Hazo stepping down from post

“This is my last hurrah,” said Robert C. Hazo at last week’s panel discussion sponsored by the American Experience program, part of the University Honors College.

Hazo announced that he is stepping down as director of the program, which he founded in 1970. “This is my fourth and final retirement. But this one is non-negotiable,” Hazo told the audience in Benedum auditorium Nov. 17.

He will remain for an additional year as an adviser to the program, which has sponsored bi-annual lectures, discussions, debates and seminars featuring many prominent local and national figures.

Among the speakers the program has hosted are: George H.W. Bush, William F. Buckley Jr., Theodore Sorensen, Robert Novak, Shirley Temple Black, Tom Murphy, Milton Friedman, Geraldine Ferraro, Ralph Nader, Pat Buchanan, Dick Thornburgh, Julian Bond, Sam Donaldson, John Kenneth Galbraith, Teresa Heinz, Ted Turner and Janet Reno.

“When I began this program in 1970, the principle that guided me was that quality takes precedence over all other considerations. I cannot say that quality was always achieved, but I can and do say that quality was never deliberately compromised,” Hazo said.

A Pittsburgh native, Hazo graduated at the top of his class at St. John’s College in Annapolis. He was senior editor for political, legal, social and economic articles at Encyclopedia Britannica before coming to Pitt. Since 1970, he has seen the American Experience program transferred from the College of General Studies to the Graduate School of Public and International Affairs and, in 1990, to the University Honors College.

Edward McCord, director of programming at the Honors College, was appointed the new director of the American Experience program.

McCord, who holds an M.A. in anthropology, a Ph.D. in philosophy and a J.D. from Pitt, is former assistant to the chancellor for academic affairs, 1983-1990.

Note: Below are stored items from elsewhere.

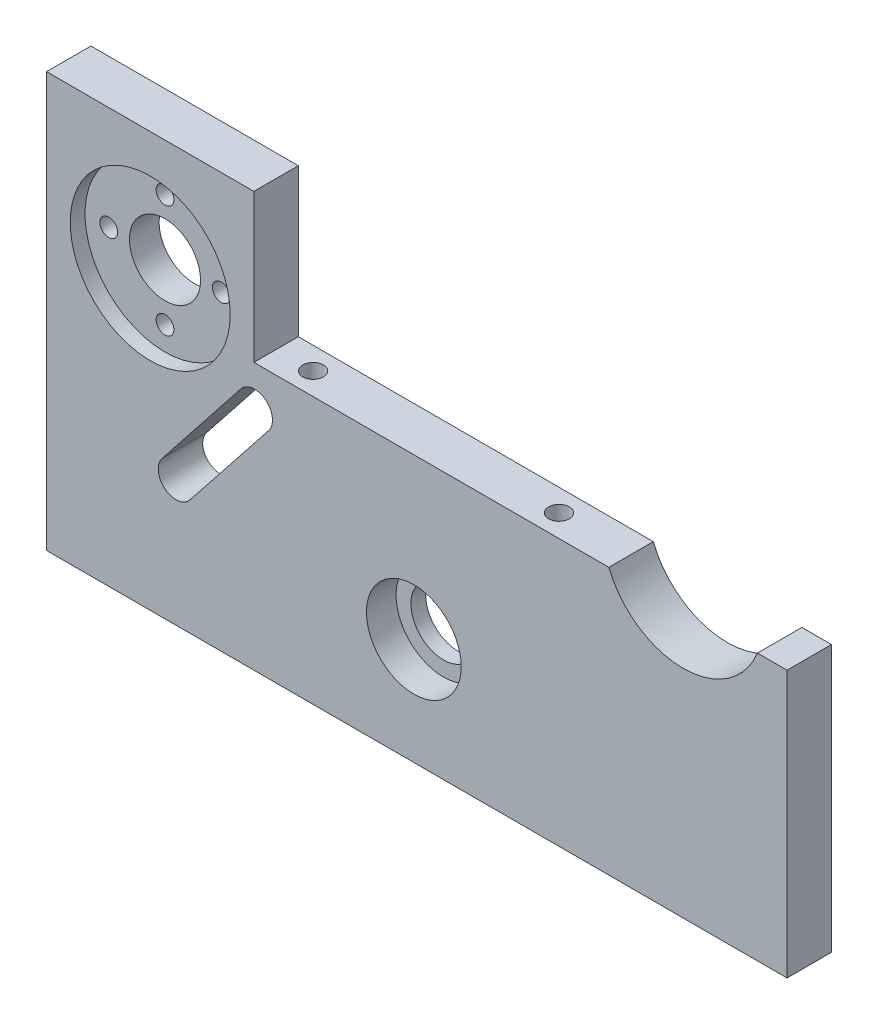
ISO-10303-21;
HEADER;
FILE_DESCRIPTION(('STEP AP214'),'2;1');
FILE_NAME('part.step','',(''),(''),'','','');
FILE_SCHEMA(('AUTOMOTIVE_DESIGN { 1 0 10303 214 1 1 1 1 }'));
ENDSEC;
DATA;
#1=APPLICATION_CONTEXT('core data for automotive mechanical design processes');
#2=APPLICATION_PROTOCOL_DEFINITION('international standard','automotive_design',2000,#1);
#3=PRODUCT_CONTEXT('',#1,'mechanical');
#4=PRODUCT('Part','Part','',(#3));
#5=PRODUCT_RELATED_PRODUCT_CATEGORY('part','',(#4));
#6=PRODUCT_DEFINITION_FORMATION('','',#4);
#7=PRODUCT_DEFINITION_CONTEXT('part definition',#1,'design');
#8=PRODUCT_DEFINITION('design','',#6,#7);
#9=PRODUCT_DEFINITION_SHAPE('','',#8);
#10=(LENGTH_UNIT() NAMED_UNIT(*) SI_UNIT(.MILLI.,.METRE.));
#11=(NAMED_UNIT(*) PLANE_ANGLE_UNIT() SI_UNIT($,.RADIAN.));
#12=(NAMED_UNIT(*) SI_UNIT($,.STERADIAN.) SOLID_ANGLE_UNIT());
#13=UNCERTAINTY_MEASURE_WITH_UNIT(LENGTH_MEASURE(1.E-05),#10,'distance_accuracy_value','');
#14=(GEOMETRIC_REPRESENTATION_CONTEXT(3) GLOBAL_UNCERTAINTY_ASSIGNED_CONTEXT((#13)) GLOBAL_UNIT_ASSIGNED_CONTEXT((#10,
#11,#12)) REPRESENTATION_CONTEXT('',''));
#15=CARTESIAN_POINT('',(0.,0.,0.));
#16=DIRECTION('',(0.,0.,1.));
#17=DIRECTION('',(1.,0.,0.));
#18=AXIS2_PLACEMENT_3D('',#15,#16,#17);
#19=CARTESIAN_POINT('',(71.614420341394,12.6710526315789,7.5));
#20=DIRECTION('',(0.,-1.,0.));
#21=DIRECTION('',(1.,0.,0.));
#22=AXIS2_PLACEMENT_3D('',#19,#20,#21);
#23=PLANE('',#22);
#24=DIRECTION('',(-1.,0.,0.));
#25=VECTOR('',#24,1.);
#26=CARTESIAN_POINT('',(71.614420341394,12.6710526315789,0.));
#27=LINE('',#26,#25);
#28=CARTESIAN_POINT('',(71.614420341394,12.6710526315789,0.));
#29=VERTEX_POINT('',#28);
#30=CARTESIAN_POINT('',(66.614420341394,12.6710526315789,0.));
#31=VERTEX_POINT('',#30);
#32=EDGE_CURVE('E139',#29,#31,#27,.T.);
#33=ORIENTED_EDGE('',*,*,#32,.T.);
#34=DIRECTION('',(0.,0.,1.));
#35=VECTOR('',#34,1.);
#36=CARTESIAN_POINT('',(66.614420341394,12.6710526315789,-0.5));
#37=LINE('',#36,#35);
#38=CARTESIAN_POINT('',(66.614420341394,12.6710526315789,7.5));
#39=VERTEX_POINT('',#38);
#40=EDGE_CURVE('E125',#31,#39,#37,.T.);
#41=ORIENTED_EDGE('',*,*,#40,.T.);
#42=DIRECTION('',(-1.,0.,0.));
#43=VECTOR('',#42,1.);
#44=CARTESIAN_POINT('',(71.614420341394,12.6710526315789,7.5));
#45=LINE('',#44,#43);
#46=CARTESIAN_POINT('',(71.614420341394,12.6710526315789,7.5));
#47=VERTEX_POINT('',#46);
#48=EDGE_CURVE('E137',#47,#39,#45,.T.);
#49=ORIENTED_EDGE('',*,*,#48,.F.);
#50=DIRECTION('',(0.,0.,-1.));
#51=VECTOR('',#50,1.);
#52=CARTESIAN_POINT('',(71.614420341394,12.6710526315789,7.5));
#53=LINE('',#52,#51);
#54=EDGE_CURVE('E173',#47,#29,#53,.T.);
#55=ORIENTED_EDGE('',*,*,#54,.T.);
#56=EDGE_LOOP('',(#33,#41,#49,#55));
#57=FACE_BOUND('',#56,.T.);
#58=ADVANCED_FACE('F33',(#57),#23,.F.);
#59=CARTESIAN_POINT('',(-18.385579658606,37.671052631579,7.5));
#60=DIRECTION('',(0.,-1.,0.));
#61=DIRECTION('',(1.,0.,0.));
#62=AXIS2_PLACEMENT_3D('',#59,#60,#61);
#63=PLANE('',#62);
#64=DIRECTION('',(-1.,0.,0.));
#65=VECTOR('',#64,1.);
#66=CARTESIAN_POINT('',(-18.385579658606,37.671052631579,0.));
#67=LINE('',#66,#65);
#68=CARTESIAN_POINT('',(-18.385579658606,37.671052631579,0.));
#69=VERTEX_POINT('',#68);
#70=CARTESIAN_POINT('',(-53.385579658606,37.6710526315789,0.));
#71=VERTEX_POINT('',#70);
#72=EDGE_CURVE('E154',#69,#71,#67,.T.);
#73=ORIENTED_EDGE('',*,*,#72,.T.);
#74=DIRECTION('',(0.,0.,-1.));
#75=VECTOR('',#74,1.);
#76=CARTESIAN_POINT('',(-53.385579658606,37.6710526315789,7.5));
#77=LINE('',#76,#75);
#78=CARTESIAN_POINT('',(-53.385579658606,37.6710526315789,7.5));
#79=VERTEX_POINT('',#78);
#80=EDGE_CURVE('E181',#79,#71,#77,.T.);
#81=ORIENTED_EDGE('',*,*,#80,.F.);
#82=DIRECTION('',(-1.,0.,0.));
#83=VECTOR('',#82,1.);
#84=CARTESIAN_POINT('',(-18.385579658606,37.671052631579,7.5));
#85=LINE('',#84,#83);
#86=CARTESIAN_POINT('',(-18.385579658606,37.671052631579,7.5));
#87=VERTEX_POINT('',#86);
#88=EDGE_CURVE('E167',#87,#79,#85,.T.);
#89=ORIENTED_EDGE('',*,*,#88,.F.);
#90=DIRECTION('',(0.,0.,-1.));
#91=VECTOR('',#90,1.);
#92=CARTESIAN_POINT('',(-18.385579658606,37.671052631579,7.5));
#93=LINE('',#92,#91);
#94=EDGE_CURVE('E149',#87,#69,#93,.T.);
#95=ORIENTED_EDGE('',*,*,#94,.T.);
#96=EDGE_LOOP('',(#73,#81,#89,#95));
#97=FACE_BOUND('',#96,.T.);
#98=ADVANCED_FACE('F35',(#97),#63,.F.);
#99=CARTESIAN_POINT('',(-53.385579658606,37.6710526315789,7.5));
#100=DIRECTION('',(1.,0.,0.));
#101=DIRECTION('',(0.,0.,-1.));
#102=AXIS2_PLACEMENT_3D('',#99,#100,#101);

Following the panel discussion, Hazo told the University Times he intended to do some traveling, although he plans to continue living in Pittsburgh. He also is considering writing a book. Holding his hands far apart, Hazo said, “I could write one this thick.”

* * * * *

Local leaders in business, medicine and journalism gathered here Nov. 17 to disuses the question: “Liberal Education in the 21st Century: Dead or Still Desirable?” The event was sponsored by Pitt’s American Experience program.

The six panelists were Robert Hazo, director of the American Experience program, who doubled as the moderator; David Shribman, executive editor of the Pittsburgh Post-Gazette; Georgia Berner, president and CEO of Berner International Corp.; Arthur Levine, dean of Pitt’s School of Medicine and senior vice chancellor for Health Sciences; Gregory Curtis, managing director and chair of Greycourt & Co. Inc., and Schuyler Foerster, president of the World Affairs Council of Pittsburgh.

In a two-hour, free-flowing discussion, the panelists for the most part agreed that a liberal education in the classical sense not only is desirable but necessary to lead a full life of critical self-evaluation, to wrestle with life’s eternal questions, to gain exposure to the great thinkers in human history and, as Levine put it, to nurture “the ability to retain two competing ideas in one’s head at the same time.”

Panelists lamented that a liberal arts education often is subjugated in the American educational system in favor of a push to train students for a particular occupation.

“Critical thinking is the single most important — and policy-relevant — product of a classic liberal education,” Foerster maintained. “It forces people to ask questions, to question all theories. Undergraduate education should not be about your occupation.”

Curtis added, “I think liberal education is and has always been alive, but always in the minority and always struggling. My 2-year-old recently asked: ‘What happens when we die?’ The impulse to grapple with large questions of life starts early in life and persists. But it needs to be nurtured, not stamped out.”